◆ **Try it**: Your copy should hold every record verbatim and none of the pictures.

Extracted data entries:
- Opening Delimiter -

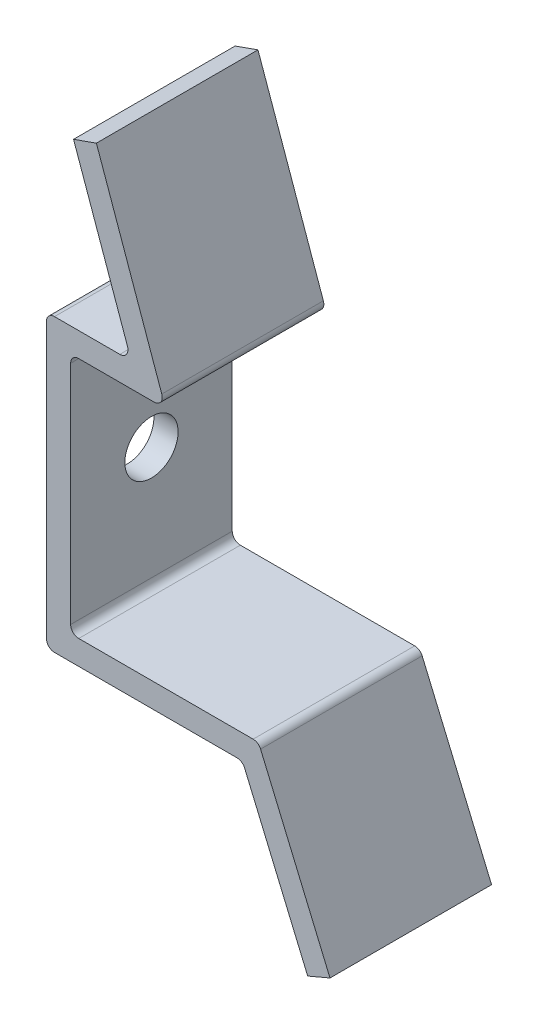
ISO-10303-21;
HEADER;
FILE_DESCRIPTION(('STEP AP214'),'2;1');
FILE_NAME('part.step','',(''),(''),'','','');
FILE_SCHEMA(('AUTOMOTIVE_DESIGN { 1 0 10303 214 1 1 1 1 }'));
ENDSEC;
DATA;
#1=APPLICATION_CONTEXT('core data for automotive mechanical design processes');
#2=APPLICATION_PROTOCOL_DEFINITION('international standard','automotive_design',2000,#1);
#3=PRODUCT_CONTEXT('',#1,'mechanical');
#4=PRODUCT('Part','Part','',(#3));
#5=PRODUCT_RELATED_PRODUCT_CATEGORY('part','',(#4));
#6=PRODUCT_DEFINITION_FORMATION('','',#4);
#7=PRODUCT_DEFINITION_CONTEXT('part definition',#1,'design');
#8=PRODUCT_DEFINITION('design','',#6,#7);
#9=PRODUCT_DEFINITION_SHAPE('','',#8);
#10=(LENGTH_UNIT() NAMED_UNIT(*) SI_UNIT(.MILLI.,.METRE.));
#11=(NAMED_UNIT(*) PLANE_ANGLE_UNIT() SI_UNIT($,.RADIAN.));
#12=(NAMED_UNIT(*) SI_UNIT($,.STERADIAN.) SOLID_ANGLE_UNIT());
#13=UNCERTAINTY_MEASURE_WITH_UNIT(LENGTH_MEASURE(1.E-05),#10,'distance_accuracy_value','');
#14=(GEOMETRIC_REPRESENTATION_CONTEXT(3) GLOBAL_UNCERTAINTY_ASSIGNED_CONTEXT((#13)) GLOBAL_UNIT_ASSIGNED_CONTEXT((#10,
#11,#12)) REPRESENTATION_CONTEXT('',''));
#15=CARTESIAN_POINT('',(0.,0.,0.));
#16=DIRECTION('',(0.,0.,1.));
#17=DIRECTION('',(1.,0.,0.));
#18=AXIS2_PLACEMENT_3D('',#15,#16,#17);
#19=CARTESIAN_POINT('',(32.3375851784551,-37.0193659405596,-10.));
#20=DIRECTION('',(0.390731128489272,-0.920504853452441,0.));
#21=DIRECTION('',(0.920504853452441,0.390731128489272,0.));
#22=AXIS2_PLACEMENT_3D('',#19,#20,#21);
#23=PLANE('',#22);
#24=DIRECTION('',(0.,0.,1.));
#25=VECTOR('',#24,1.);
#26=CARTESIAN_POINT('',(35.0990997388124,-35.8471725550917,-10.));
#27=LINE('',#26,#25);
#28=CARTESIAN_POINT('',(35.0990997388124,-35.8471725550917,-10.));
#29=VERTEX_POINT('',#28);
#30=CARTESIAN_POINT('',(35.0990997388124,-35.8471725550917,10.));
#31=VERTEX_POINT('',#30);
#32=EDGE_CURVE('E37',#29,#31,#27,.T.);
#33=ORIENTED_EDGE('',*,*,#32,.T.);
#34=DIRECTION('',(0.920504853452441,0.390731128489272,0.));
#35=VECTOR('',#34,1.);
#36=CARTESIAN_POINT('',(32.3375851784551,-37.0193659405596,10.));
#37=LINE('',#36,#35);
#38=CARTESIAN_POINT('',(32.3375851784551,-37.0193659405596,10.));
#39=VERTEX_POINT('',#38);
#40=EDGE_CURVE('E170',#39,#31,#37,.T.);
#41=ORIENTED_EDGE('',*,*,#40,.F.);
#42=DIRECTION('',(0.,0.,1.));
#43=VECTOR('',#42,1.);
#44=CARTESIAN_POINT('',(32.3375851784551,-37.0193659405596,-10.));
#45=LINE('',#44,#43);
#46=CARTESIAN_POINT('',(32.3375851784551,-37.0193659405596,-10.));
#47=VERTEX_POINT('',#46);
#48=EDGE_CURVE('E11',#47,#39,#45,.T.);
#49=ORIENTED_EDGE('',*,*,#48,.F.);
#50=DIRECTION('',(0.920504853452441,0.390731128489272,0.));
#51=VECTOR('',#50,1.);
#52=CARTESIAN_POINT('',(32.3375851784551,-37.0193659405596,-10.));
#53=LINE('',#52,#51);
#54=EDGE_CURVE('E171',#47,#29,#53,.T.);
#55=ORIENTED_EDGE('',*,*,#54,.T.);
#56=EDGE_LOOP('',(#33,#41,#49,#55));
#57=FACE_BOUND('',#56,.T.);
#58=ADVANCED_FACE('F34',(#57),#23,.T.);
#59=CARTESIAN_POINT('',(24.5229626086697,-18.6092688715107,-10.));
#60=DIRECTION('',(-0.920504853452441,-0.390731128489271,0.));
#61=DIRECTION('',(0.390731128489271,-0.920504853452441,0.));
#62=AXIS2_PLACEMENT_3D('',#59,#60,#61);
#63=PLANE('',#62);
#64=ORIENTED_EDGE('',*,*,#48,.T.);
#65=DIRECTION('',(0.390731128489271,-0.920504853452441,0.));
#66=VECTOR('',#65,1.);
#67=CARTESIAN_POINT('',(24.5229626086697,-18.6092688715107,10.));
#68=LINE('',#67,#66);
#69=CARTESIAN_POINT('',(24.5229626086697,-18.6092688715107,10.));
#70=VERTEX_POINT('',#69);
#71=EDGE_CURVE('E188',#70,#39,#68,.T.);
#72=ORIENTED_EDGE('',*,*,#71,.F.);
#73=DIRECTION('',(0.,0.,1.));
#74=VECTOR('',#73,1.);
#75=CARTESIAN_POINT('',(24.5229626086697,-18.6092688715107,-10.));
#76=LINE('',#75,#74);
#77=CARTESIAN_POINT('',(24.5229626086697,-18.6092688715107,-10.));
#78=VERTEX_POINT('',#77);
#79=EDGE_CURVE('E42',#78,#70,#76,.T.);
#80=ORIENTED_EDGE('',*,*,#79,.F.);
#81=DIRECTION('',(0.390731128489271,-0.920504853452441,0.));
#82=VECTOR('',#81,1.);
#83=CARTESIAN_POINT('',(24.5229626086697,-18.6092688715107,-10.));
#84=LINE('',#83,#82);
#85=EDGE_CURVE('E176',#78,#47,#84,.T.);
#86=ORIENTED_EDGE('',*,*,#85,.T.);
#87=EDGE_LOOP('',(#64,#72,#80,#86));
#88=FACE_BOUND('',#87,.T.);
#89=ADVANCED_FACE('F401',(#88),#63,.T.);
#90=CARTESIAN_POINT('',(23.6024577552172,-19.,-10.));
#91=DIRECTION('',(0.,0.,1.));
#92=DIRECTION('',(1.,0.,0.));
#93=AXIS2_PLACEMENT_3D('',#90,#91,#92);
#94=CYLINDRICAL_SURFACE('',#93,1.);
#95=ORIENTED_EDGE('',*,*,#79,.T.);
#96=CARTESIAN_POINT('',(23.6024577552172,-19.,10.));
#97=DIRECTION('',(0.,0.,-1.));
#98=DIRECTION('',(-1.,0.,0.));
#99=AXIS2_PLACEMENT_3D('',#96,#97,#98);
#100=CIRCLE('',#99,1.);
#101=CARTESIAN_POINT('',(23.6024577552172,-18.,10.));
#102=VERTEX_POINT('',#101);
#103=EDGE_CURVE('E242',#102,#70,#100,.T.);
#104=ORIENTED_EDGE('',*,*,#103,.F.);
#105=DIRECTION('',(0.,0.,1.));
#106=VECTOR('',#105,1.);
#107=CARTESIAN_POINT('',(23.6024577552172,-18.,-10.));
#108=LINE('',#107,#106);
#109=CARTESIAN_POINT('',(23.6024577552172,-18.,-10.));
#110=VERTEX_POINT('',#109);
#111=EDGE_CURVE('E300',#110,#102,#108,.T.);
#112=ORIENTED_EDGE('',*,*,#111,.F.);
#113=CARTESIAN_POINT('',(23.6024577552172,-19.,-10.));
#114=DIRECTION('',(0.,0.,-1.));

- Closing Delimiter -

◆ **Task answer**:
ISO-10303-21;
HEADER;
FILE_DESCRIPTION(('STEP AP214'),'2;1');
FILE_NAME('part.step','',(''),(''),'','','');
FILE_SCHEMA(('AUTOMOTIVE_DESIGN { 1 0 10303 214 1 1 1 1 }'));
ENDSEC;
DATA;
#1=APPLICATION_CONTEXT('core data for automotive mechanical design processes');
#2=APPLICATION_PROTOCOL_DEFINITION('international standard','automotive_design',2000,#1);
#3=PRODUCT_CONTEXT('',#1,'mechanical');
#4=PRODUCT('Part','Part','',(#3));
#5=PRODUCT_RELATED_PRODUCT_CATEGORY('part','',(#4));
#6=PRODUCT_DEFINITION_FORMATION('','',#4);
#7=PRODUCT_DEFINITION_CONTEXT('part definition',#1,'design');
#8=PRODUCT_DEFINITION('design','',#6,#7);
#9=PRODUCT_DEFINITION_SHAPE('','',#8);
#10=(LENGTH_UNIT() NAMED_UNIT(*) SI_UNIT(.MILLI.,.METRE.));
#11=(NAMED_UNIT(*) PLANE_ANGLE_UNIT() SI_UNIT($,.RADIAN.));
#12=(NAMED_UNIT(*) SI_UNIT($,.STERADIAN.) SOLID_ANGLE_UNIT());
#13=UNCERTAINTY_MEASURE_WITH_UNIT(LENGTH_MEASURE(1.E-05),#10,'distance_accuracy_value','');
#14=(GEOMETRIC_REPRESENTATION_CONTEXT(3) GLOBAL_UNCERTAINTY_ASSIGNED_CONTEXT((#13)) GLOBAL_UNIT_ASSIGNED_CONTEXT((#10,
#11,#12)) REPRESENTATION_CONTEXT('',''));
#15=CARTESIAN_POINT('',(0.,0.,0.));
#16=DIRECTION('',(0.,0.,1.));
#17=DIRECTION('',(1.,0.,0.));
#18=AXIS2_PLACEMENT_3D('',#15,#16,#17);
#19=CARTESIAN_POINT('',(32.3375851784551,-37.0193659405596,-10.));
#20=DIRECTION('',(0.390731128489272,-0.920504853452441,0.));
#21=DIRECTION('',(0.920504853452441,0.390731128489272,0.));
#22=AXIS2_PLACEMENT_3D('',#19,#20,#21);
#23=PLANE('',#22);
#24=DIRECTION('',(0.,0.,1.));
#25=VECTOR('',#24,1.);
#26=CARTESIAN_POINT('',(35.0990997388124,-35.8471725550917,-10.));
#27=LINE('',#26,#25);
#28=CARTESIAN_POINT('',(35.0990997388124,-35.8471725550917,-10.));
#29=VERTEX_POINT('',#28);
#30=CARTESIAN_POINT('',(35.0990997388124,-35.8471725550917,10.));
#31=VERTEX_POINT('',#30);
#32=EDGE_CURVE('E37',#29,#31,#27,.T.);
#33=ORIENTED_EDGE('',*,*,#32,.T.);
#34=DIRECTION('',(0.920504853452441,0.390731128489272,0.));
#35=VECTOR('',#34,1.);
#36=CARTESIAN_POINT('',(32.3375851784551,-37.0193659405596,10.));
#37=LINE('',#36,#35);
#38=CARTESIAN_POINT('',(32.3375851784551,-37.0193659405596,10.));
#39=VERTEX_POINT('',#38);
#40=EDGE_CURVE('E170',#39,#31,#37,.T.);
#41=ORIENTED_EDGE('',*,*,#40,.F.);
#42=DIRECTION('',(0.,0.,1.));
#43=VECTOR('',#42,1.);
#44=CARTESIAN_POINT('',(32.3375851784551,-37.0193659405596,-10.));
#45=LINE('',#44,#43);
#46=CARTESIAN_POINT('',(32.3375851784551,-37.0193659405596,-10.));
#47=VERTEX_POINT('',#46);
#48=EDGE_CURVE('E11',#47,#39,#45,.T.);
#49=ORIENTED_EDGE('',*,*,#48,.F.);
#50=DIRECTION('',(0.920504853452441,0.390731128489272,0.));
#51=VECTOR('',#50,1.);
#52=CARTESIAN_POINT('',(32.3375851784551,-37.0193659405596,-10.));
#53=LINE('',#52,#51);
#54=EDGE_CURVE('E171',#47,#29,#53,.T.);
#55=ORIENTED_EDGE('',*,*,#54,.T.);
#56=EDGE_LOOP('',(#33,#41,#49,#55));
#57=FACE_BOUND('',#56,.T.);
#58=ADVANCED_FACE('F34',(#57),#23,.T.);
#59=CARTESIAN_POINT('',(24.5229626086697,-18.6092688715107,-10.));
#60=DIRECTION('',(-0.920504853452441,-0.390731128489271,0.));
#61=DIRECTION('',(0.390731128489271,-0.920504853452441,0.));
#62=AXIS2_PLACEMENT_3D('',#59,#60,#61);
#63=PLANE('',#62);
#64=ORIENTED_EDGE('',*,*,#48,.T.);
#65=DIRECTION('',(0.390731128489271,-0.920504853452441,0.));
#66=VECTOR('',#65,1.);
#67=CARTESIAN_POINT('',(24.5229626086697,-18.6092688715107,10.));
#68=LINE('',#67,#66);
#69=CARTESIAN_POINT('',(24.5229626086697,-18.6092688715107,10.));
#70=VERTEX_POINT('',#69);
#71=EDGE_CURVE('E188',#70,#39,#68,.T.);
#72=ORIENTED_EDGE('',*,*,#71,.F.);
#73=DIRECTION('',(0.,0.,1.));
#74=VECTOR('',#73,1.);
#75=CARTESIAN_POINT('',(24.5229626086697,-18.6092688715107,-10.));
#76=LINE('',#75,#74);
#77=CARTESIAN_POINT('',(24.5229626086697,-18.6092688715107,-10.));
#78=VERTEX_POINT('',#77);
#79=EDGE_CURVE('E42',#78,#70,#76,.T.);
#80=ORIENTED_EDGE('',*,*,#79,.F.);
#81=DIRECTION('',(0.390731128489271,-0.920504853452441,0.));
#82=VECTOR('',#81,1.);
#83=CARTESIAN_POINT('',(24.5229626086697,-18.6092688715107,-10.));
#84=LINE('',#83,#82);
#85=EDGE_CURVE('E176',#78,#47,#84,.T.);
#86=ORIENTED_EDGE('',*,*,#85,.T.);
#87=EDGE_LOOP('',(#64,#72,#80,#86));
#88=FACE_BOUND('',#87,.T.);
#89=ADVANCED_FACE('F401',(#88),#63,.T.);
#90=CARTESIAN_POINT('',(23.6024577552172,-19.,-10.));
#91=DIRECTION('',(0.,0.,1.));
#92=DIRECTION('',(1.,0.,0.));
#93=AXIS2_PLACEMENT_3D('',#90,#91,#92);
#94=CYLINDRICAL_SURFACE('',#93,1.);
#95=ORIENTED_EDGE('',*,*,#79,.T.);
#96=CARTESIAN_POINT('',(23.6024577552172,-19.,10.));
#97=DIRECTION('',(0.,0.,-1.));
#98=DIRECTION('',(-1.,0.,0.));
#99=AXIS2_PLACEMENT_3D('',#96,#97,#98);
#100=CIRCLE('',#99,1.);
#101=CARTESIAN_POINT('',(23.6024577552172,-18.,10.));
#102=VERTEX_POINT('',#101);
#103=EDGE_CURVE('E242',#102,#70,#100,.T.);
#104=ORIENTED_EDGE('',*,*,#103,.F.);
#105=DIRECTION('',(0.,0.,1.));
#106=VECTOR('',#105,1.);
#107=CARTESIAN_POINT('',(23.6024577552172,-18.,-10.));
#108=LINE('',#107,#106);
#109=CARTESIAN_POINT('',(23.6024577552172,-18.,-10.));
#110=VERTEX_POINT('',#109);
#111=EDGE_CURVE('E300',#110,#102,#108,.T.);
#112=ORIENTED_EDGE('',*,*,#111,.F.);
#113=CARTESIAN_POINT('',(23.6024577552172,-19.,-10.));
#114=DIRECTION('',(0.,0.,-1.));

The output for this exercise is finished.